**YOUR OBJECTIVE**: Return only the lines starting at the line that contains "- net RECOVERY: track" and ending with the final line of the listing; include both endpoints.
*** EXERCISE INPUT ***
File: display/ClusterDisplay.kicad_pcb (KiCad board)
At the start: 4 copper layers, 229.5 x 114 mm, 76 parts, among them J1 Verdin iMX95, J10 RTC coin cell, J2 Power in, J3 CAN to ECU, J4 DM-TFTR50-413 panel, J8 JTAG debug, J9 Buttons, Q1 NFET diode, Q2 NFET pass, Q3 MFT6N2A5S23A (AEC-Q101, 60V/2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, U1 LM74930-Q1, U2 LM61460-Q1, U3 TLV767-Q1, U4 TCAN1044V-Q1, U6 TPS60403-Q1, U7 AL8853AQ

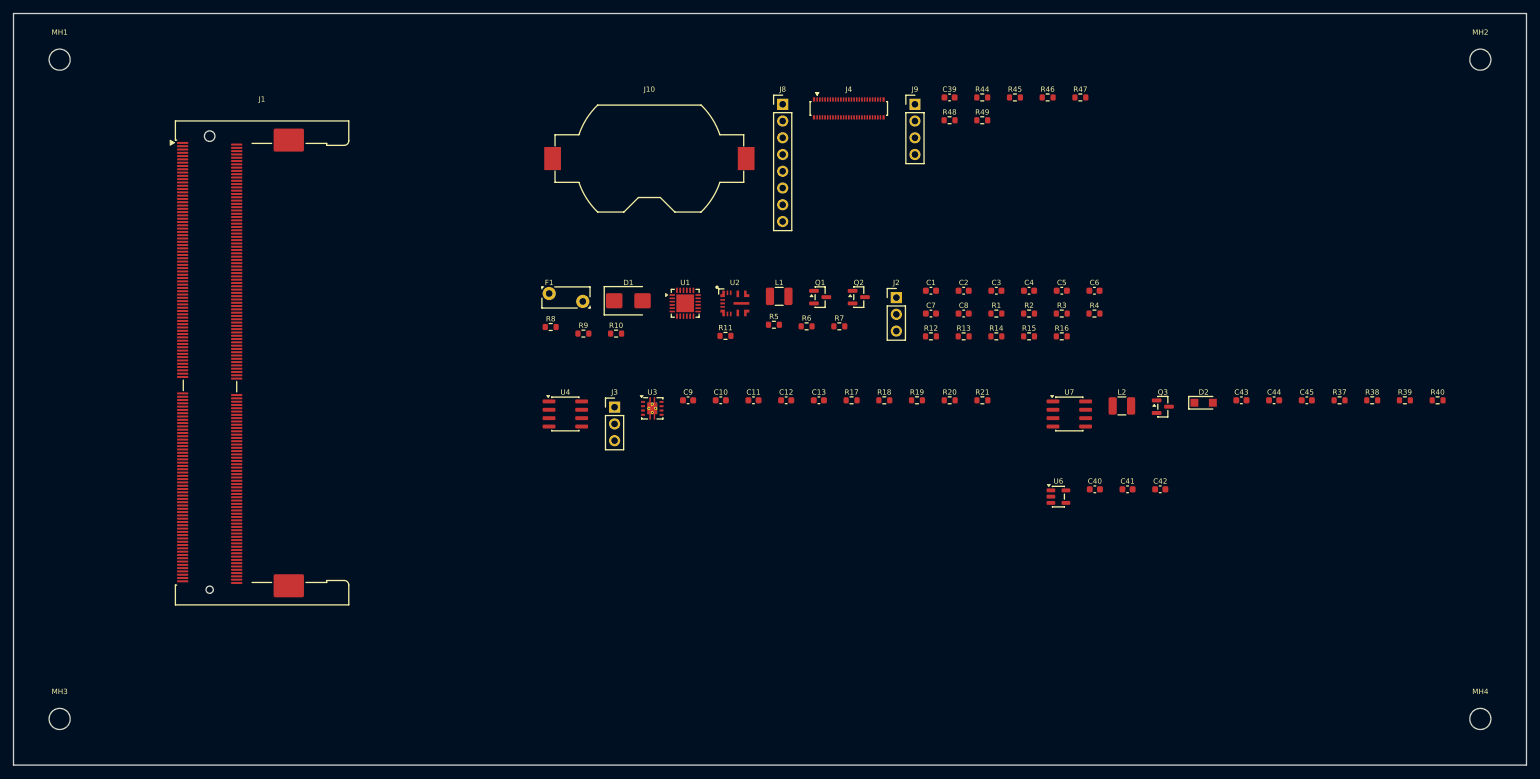
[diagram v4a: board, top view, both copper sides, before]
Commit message: display: real Toradex module keepout numbers, pack for min width not height
Pulled Toradex's own Verdin Carrier Board Design Guide (docs.toradex.com/
108140-verdin-carrier-board-design-guide.pdf) directly and read Figure
110 (module outline) and Figure 114 (carrier board land pattern) rather
than continuing to guess. Two real corrections:

1. The module is 69.60 x 35.00mm, not 69.6 x 47mm - the 47mm figure
   came from an earlier, less authoritative web source. The module
   overhangs the connector's own real 27.1mm body by ~4mm/side on the
   width axis (confirmed centered, not assumed) and does NOT overhang
   it lengthwise (the connector's own 79mm housing is longer than the
   69.6mm module). MODULE_KEEPOUT_W drops from 60mm to a real 38mm;
   MODULE_KEEPOUT_H stays ~82mm (already correctly sized off the
   connector's real housing length).

2. pack_sized_blocks() was bounding WIDTH and growing height freely,
   then a later step stretched that height back out to fill the
   module's real height anyway - meaning the packer was minimizing a
   dimension that gets thrown away, while the dimension that actually
   sets board size (width) fell out however the internal ordering
   happened to land. Transposed the call instead: bound at the real
   module height, let width grow only as needed, swap the result back.

Board: 231.9x114.0mm -> 158.0x106.0mm, DRC-clean. Real, cited numbers
throughout - see the file's own updated header and MODULE_KEEPOUT
comments for the derivation.

Co-Authored-By: Claude Sonnet 5 <noreply@anthropic.com>
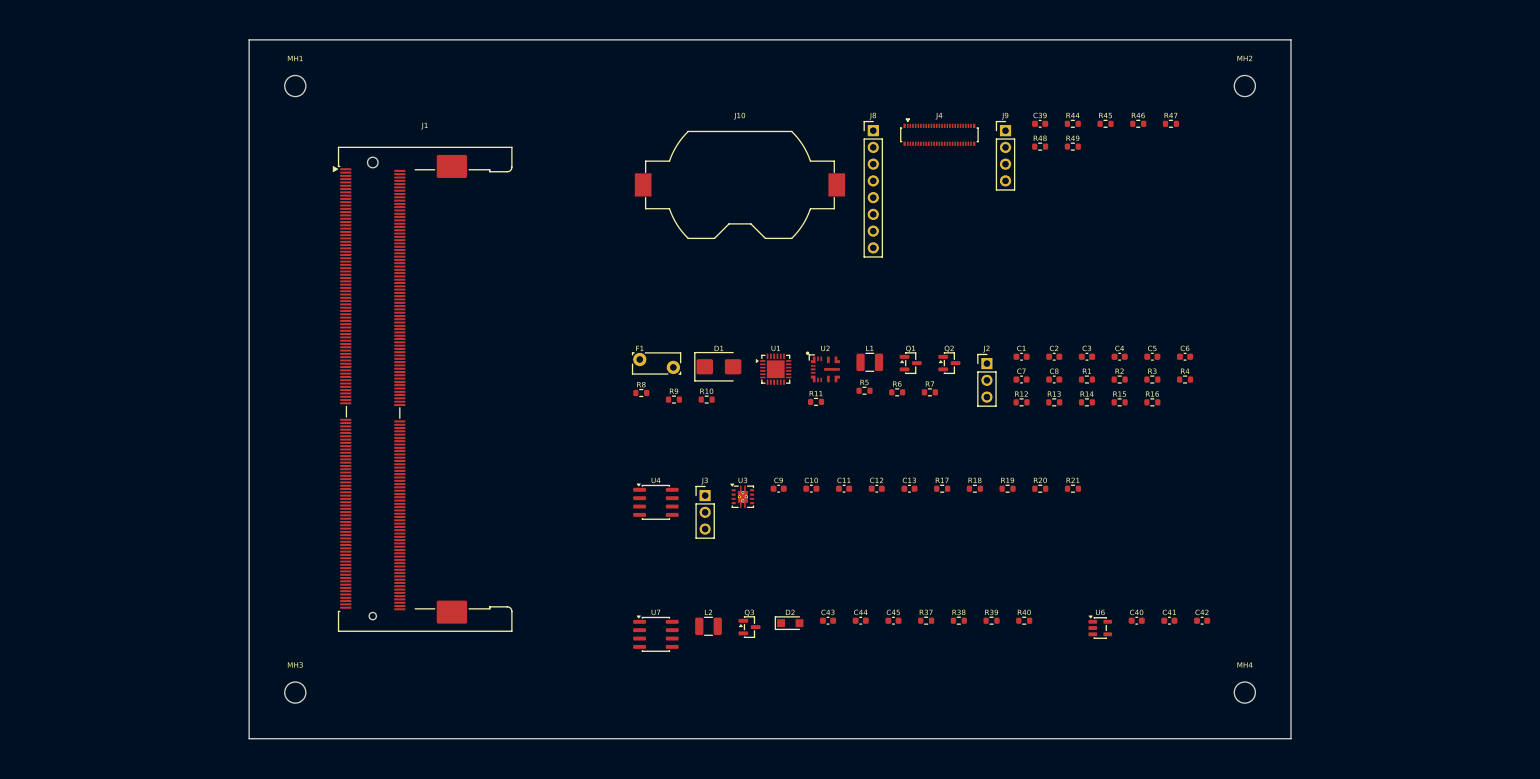
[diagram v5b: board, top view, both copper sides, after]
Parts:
- moved C45 71.1 mm to (228.7, 183.6)
- moved L2 71.1 mm to (200.7, 184.4)
- moved R39 71.1 mm to (243.6, 183.6)
- moved C43 71.1 mm to (218.8, 183.6)
- moved C44 71.1 mm to (223.8, 183.6)
- moved D2 71.1 mm to (213.1, 184.0)
- moved Q3 71.1 mm to (206.9, 184.6)
- moved R37 71.1 mm to (233.7, 183.6)
- moved R38 71.1 mm to (238.6, 183.6)
- moved R40 71.1 mm to (248.6, 183.6)
- moved U7 71.1 mm to (192.7, 185.7)
- moved MH1 36.0 mm to (138.0, 102.5)
- moved MH3 36.0 mm to (138.0, 194.5)
- moved MH2 35.9 mm to (282.0, 102.5)
- moved MH4 35.9 mm to (282.0, 194.5)
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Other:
- board size 229.5 x 114 mm -> 158 x 106 mm

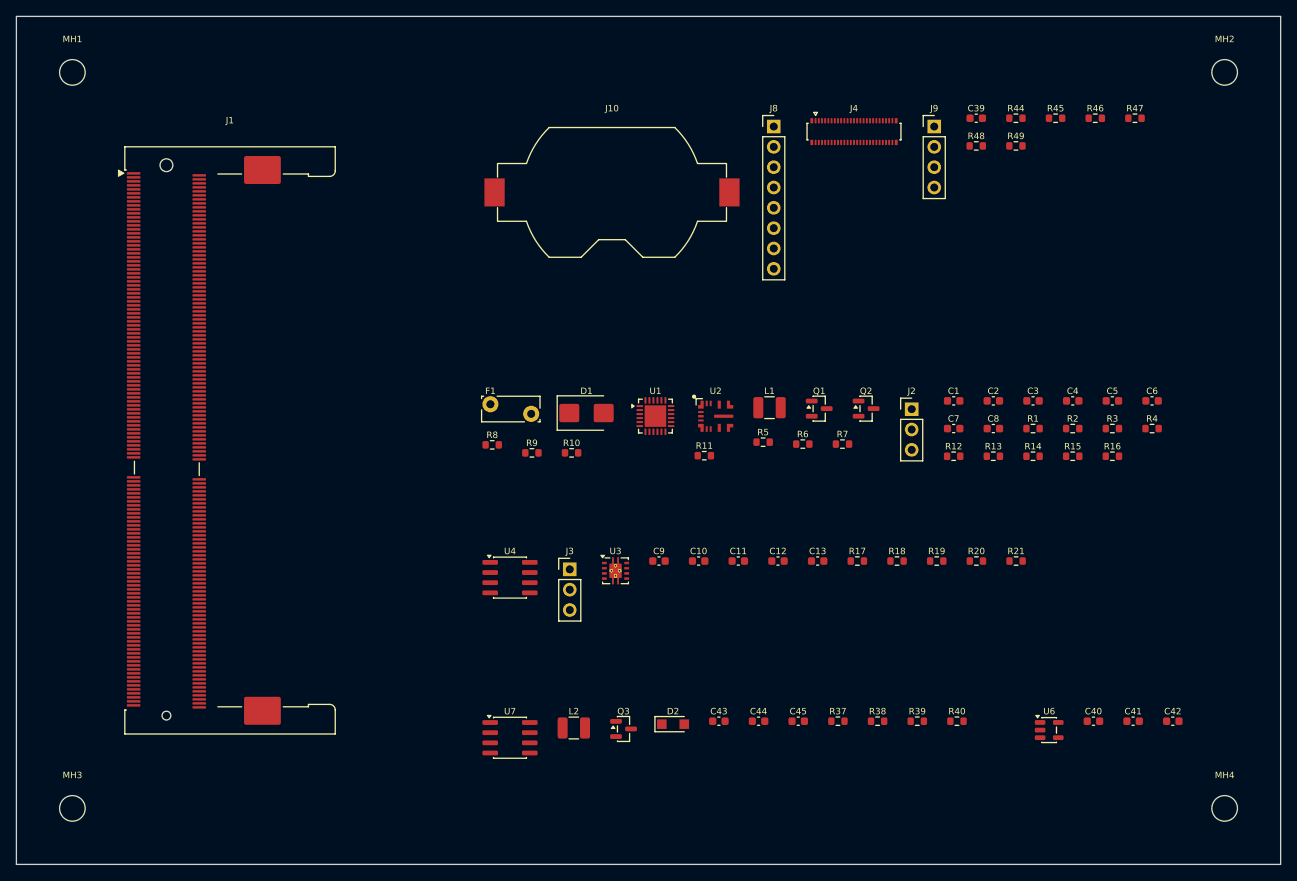
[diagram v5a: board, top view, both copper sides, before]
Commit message: display: flatten zone-block packing to individual-component packing
Direct user tradeoff: "break zone grouping for max density." The
previous zone-block approach (each of the 5 functional zones packed
internally, then the resulting rectangles packed around the module
keepout) hit a real floor - board width couldn't shrink below the
single widest zone's own packed width (POWER, 85.4mm) no matter how
the zones were arranged relative to each other, since each was shaped
into one rigid block before ever being placed.

Replaced zone-block packing with a flat pack of all 72 individual real
components directly, using the same transposed skyline technique
(bound at the module's real 82mm height, minimize width) via a
generalized pack_sized_blocks(). CORE_ZONES is kept for documentation
and the "every part is accounted for" check, but no longer drives
placement - components from different zones now interleave on the
board. skyline_pack()/best_skyline_pack() are now dead code (nothing
loads per-zone footprints anymore) - removed.

Board: 158.0x106.0mm -> 105.0x106.0mm, DRC-clean. Real, accepted
tradeoff: a part may now sit farther from the rest of its own circuit
than before, since density was explicitly prioritized over that
locality.

Co-Authored-By: Claude Sonnet 5 <noreply@anthropic.com>
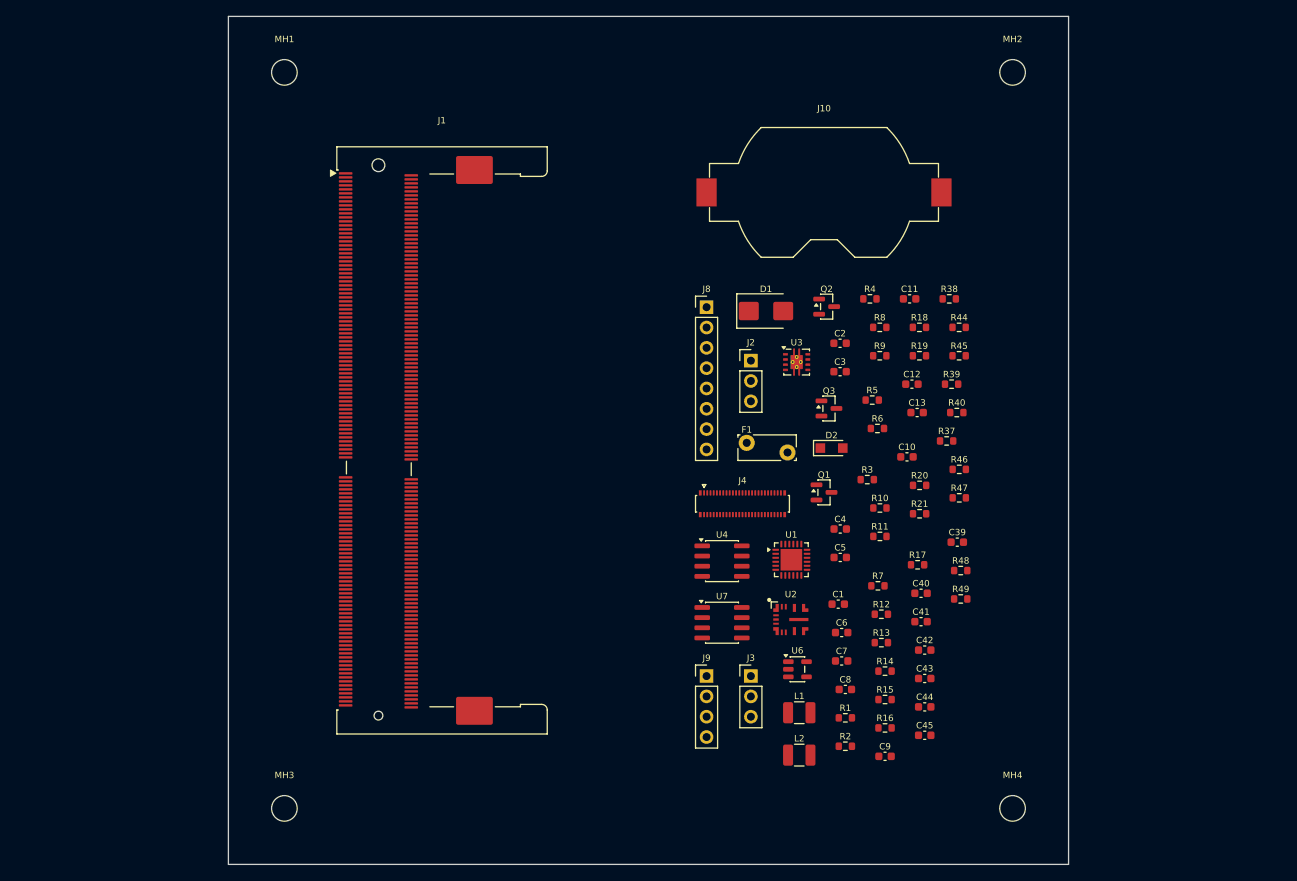
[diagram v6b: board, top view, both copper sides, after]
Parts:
- moved J9 74.4 mm to (217.3, 178.0)
- moved R49 57.0 mm to (249.0, 168.3)
- moved R38 53.5 mm to (247.6, 130.8)
- moved R48 53.1 mm to (249.0, 164.8)
- moved C39 53.0 mm to (248.6, 161.2)
- moved R47 52.3 mm to (248.8, 155.7)
- moved R8 50.6 mm to (238.9, 134.4)
- moved R2 48.8 mm to (234.6, 186.7)
- moved J4 48.6 mm to (221.8, 156.4)
- moved C6 48.4 mm to (234.2, 172.5)
- moved Q3 47.6 mm to (232.6, 144.5)
- moved R46 47.1 mm to (248.8, 152.1)
- moved R9 45.1 mm to (238.9, 137.9)
- moved R16 44.3 mm to (239.6, 184.4)
- moved R1 43.1 mm to (234.6, 183.2)
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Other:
- board size 158 x 106 mm -> 105 x 106 mm

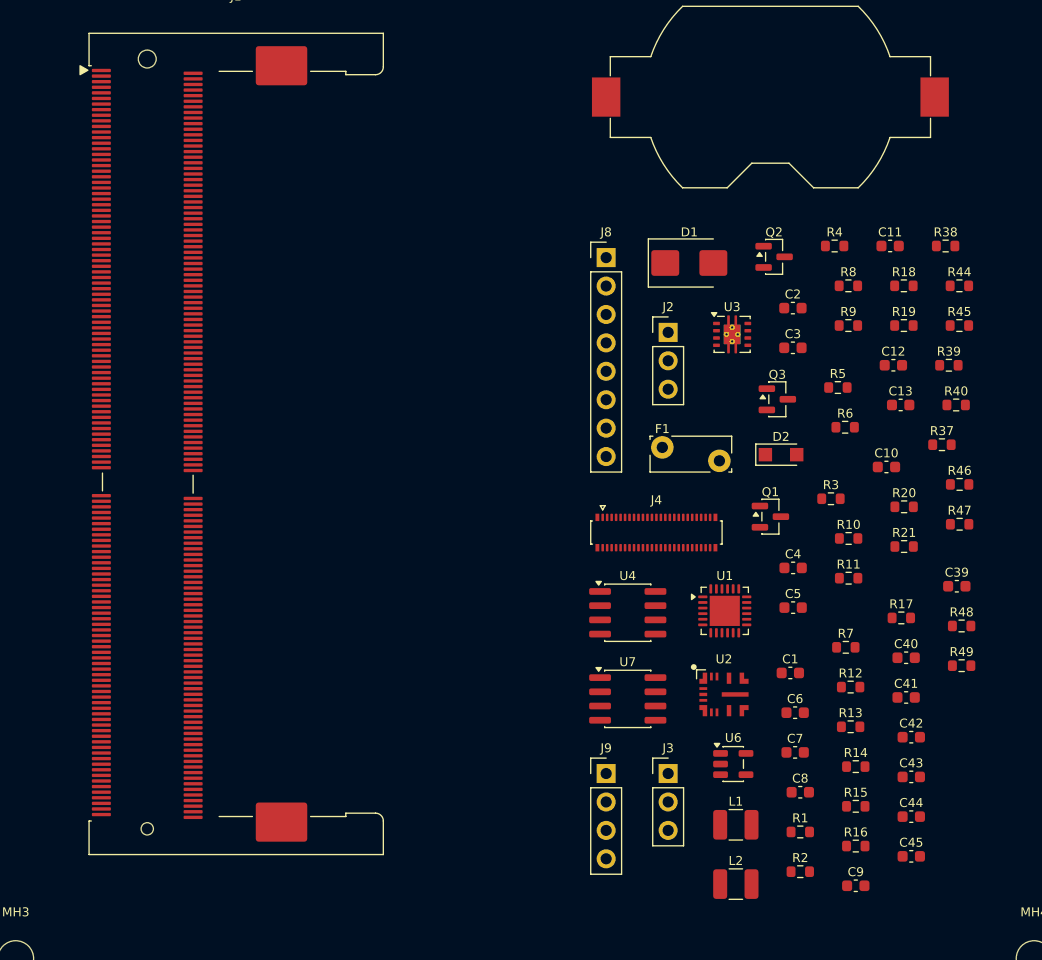
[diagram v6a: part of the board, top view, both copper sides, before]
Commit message: display: route board and generate real BOM
Added +12V_PROT trunk-widening constants (TRUNK_WIDTH_LADDER/
TRUNK_NETS) to build_pcb.py - this board's own real fused/protected
rail, feeding both the main +5V buck and the backlight boost converter,
so it's sized toward F1's real 5A rating rather than reusing gauges/'s
smaller 2A-fuse ladder.

Routed ClusterDisplay.kicad_pcb with FreeRouting (0 unrouted on the
first attempt) plus post-route GND/+5V zone pours (this board has no
+3V3 net - +5V is the real widely-distributed second rail here) and
+12V_PROT trunk widening, adapted from gauges/route_board.py. Same real
TRACK_CLEARANCE fix applied (0.15 -> 0.2, see gauges/route_board.py's
own comment for the full real DRC evidence).

Fixed a real value-spelling bug caught by build_bom.py's own check:
R39 was written as "10.0k" while the identical 10k pullups (R21, R44-
R48) were written "10k" - same real part, split into two BOM lines by
spelling alone. Normalized to "10k" (the OVP divider's ~25% real
margin doesn't call for a tighter tolerance than the default), then
regenerated schematic -> PCB -> re-routed (footprint/net-only pipeline,
reproduced the identical 105.0x106.0mm layout as expected).

Added build_bom.py, same real generated-BOM discipline as gauges/'s
own - this board has more genuine "needs real part selection" lines
(Q1/Q2 front-end FETs, D1 TVS, F1's exact fuse suffix, J1's exact
Verdin SKU, J2/J3/J8/J9's provisional headers) since the AAOS pivot
that created it only landed 2 days ago; each is flagged honestly
rather than given a fabricated-precise part number. 72/72 real parts
covered (after fixing a real multi-unit-symbol double-count in
load_parts() - J1's Verdin X1 connector is split into 7 real schematic
units sharing one Reference, which a naive one-entry-per-symbol-
instance count would silently double-count 7x).

Co-Authored-By: Claude Sonnet 5 <noreply@anthropic.com>
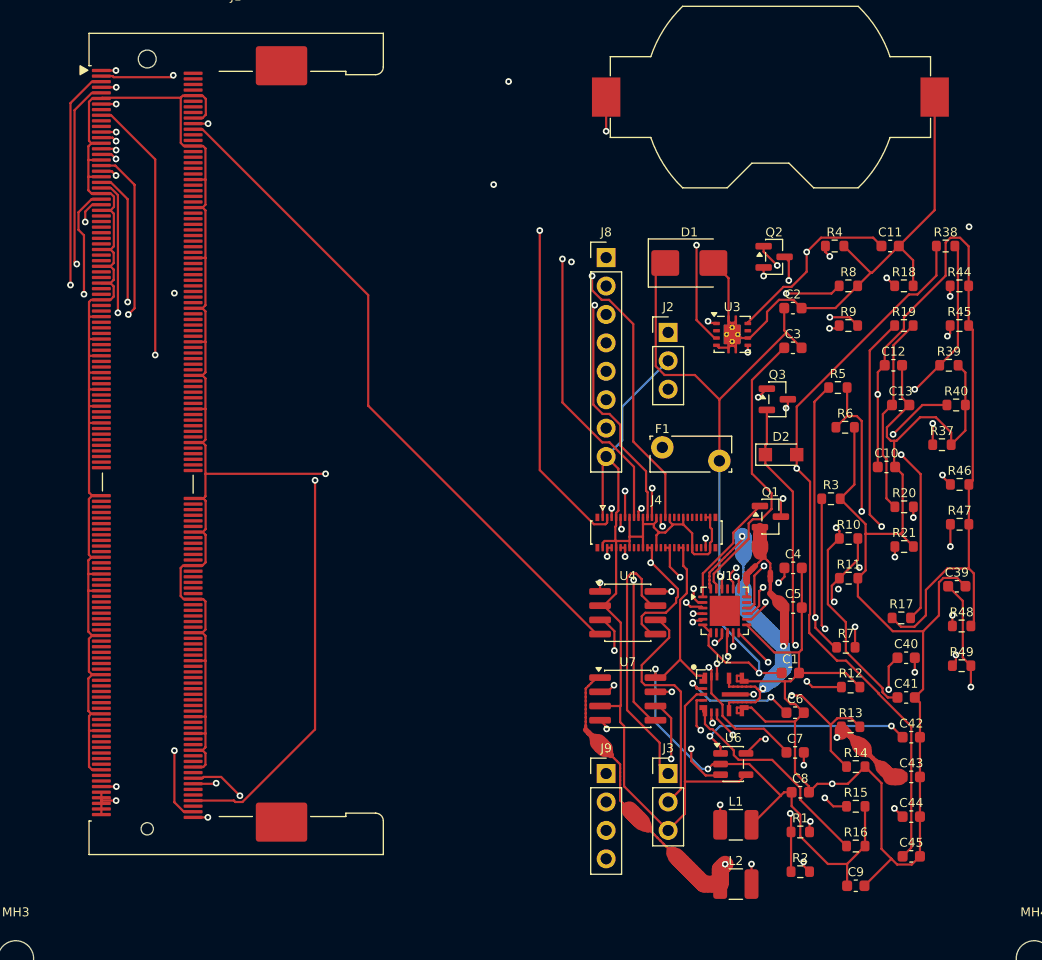
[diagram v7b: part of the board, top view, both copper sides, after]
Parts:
- R39: value 10.0k OVP bottom (real, see docstring math) -> 10k OVP bottom (real, see docstring math)
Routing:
- net GND: track 0.00 -> 565.0 mm, vias 0 -> 2
- net +5V: track 0.00 -> 209.5 mm, vias 0 -> 6
- net +1V8: track 0.00 -> 125.1 mm, vias 0 -> 3
- net +12V_PROT: track 0.00 -> 111.1 mm, vias 0 -> 5
- net RESET_MICO: track 0.00 -> 108.2 mm, vias 0 -> 2
- net JTAG_VREF: track 0.00 -> 107.2 mm, vias 0 -> 2
- net PWR_BTN: track 0.00 -> 95.4 mm, vias 0 -> 2
- net VBAT_F: track 0.00 -> 95.3 mm, vias 0 -> 3
- net RECOVERY: track 0.00 -> 93.3 mm, vias 0 -> 2
- net VBACKUP: track 0.00 -> 91.4 mm, vias 0 -> 2
- net RESET_MOCI: track 0.00 -> 85.5 mm, vias 0 -> 2
- net PANEL_BL_LEDA_38V: track 0.00 -> 85.1 mm, vias 0 -> 2
- net DSI_PANEL_EN: track 0.00 -> 80.7 mm, vias 0 -> 2
- net PWR_EN_MOCI: track 0.00 -> 80.2 mm, vias 0 -> 2
- net VBACKUP_CELL: track 0.00 -> 78.9 mm, vias 0 -> 3
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- added copper zone on In2.Cu, net +5V
- added copper zone on In1.Cu, net GND
*** End of EXERCISE INPUT ***
**SOLUTION TO THE PROBLEM**:
- net RECOVERY: track 0.00 -> 93.3 mm, vias 0 -> 2
- net VBACKUP: track 0.00 -> 91.4 mm, vias 0 -> 2
- net RESET_MOCI: track 0.00 -> 85.5 mm, vias 0 -> 2
- net PANEL_BL_LEDA_38V: track 0.00 -> 85.1 mm, vias 0 -> 2
- net DSI_PANEL_EN: track 0.00 -> 80.7 mm, vias 0 -> 2
- net PWR_EN_MOCI: track 0.00 -> 80.2 mm, vias 0 -> 2
- net VBACKUP_CELL: track 0.00 -> 78.9 mm, vias 0 -> 3
- added copper zone on In2.Cu, net +5V
- added copper zone on In1.Cu, net GND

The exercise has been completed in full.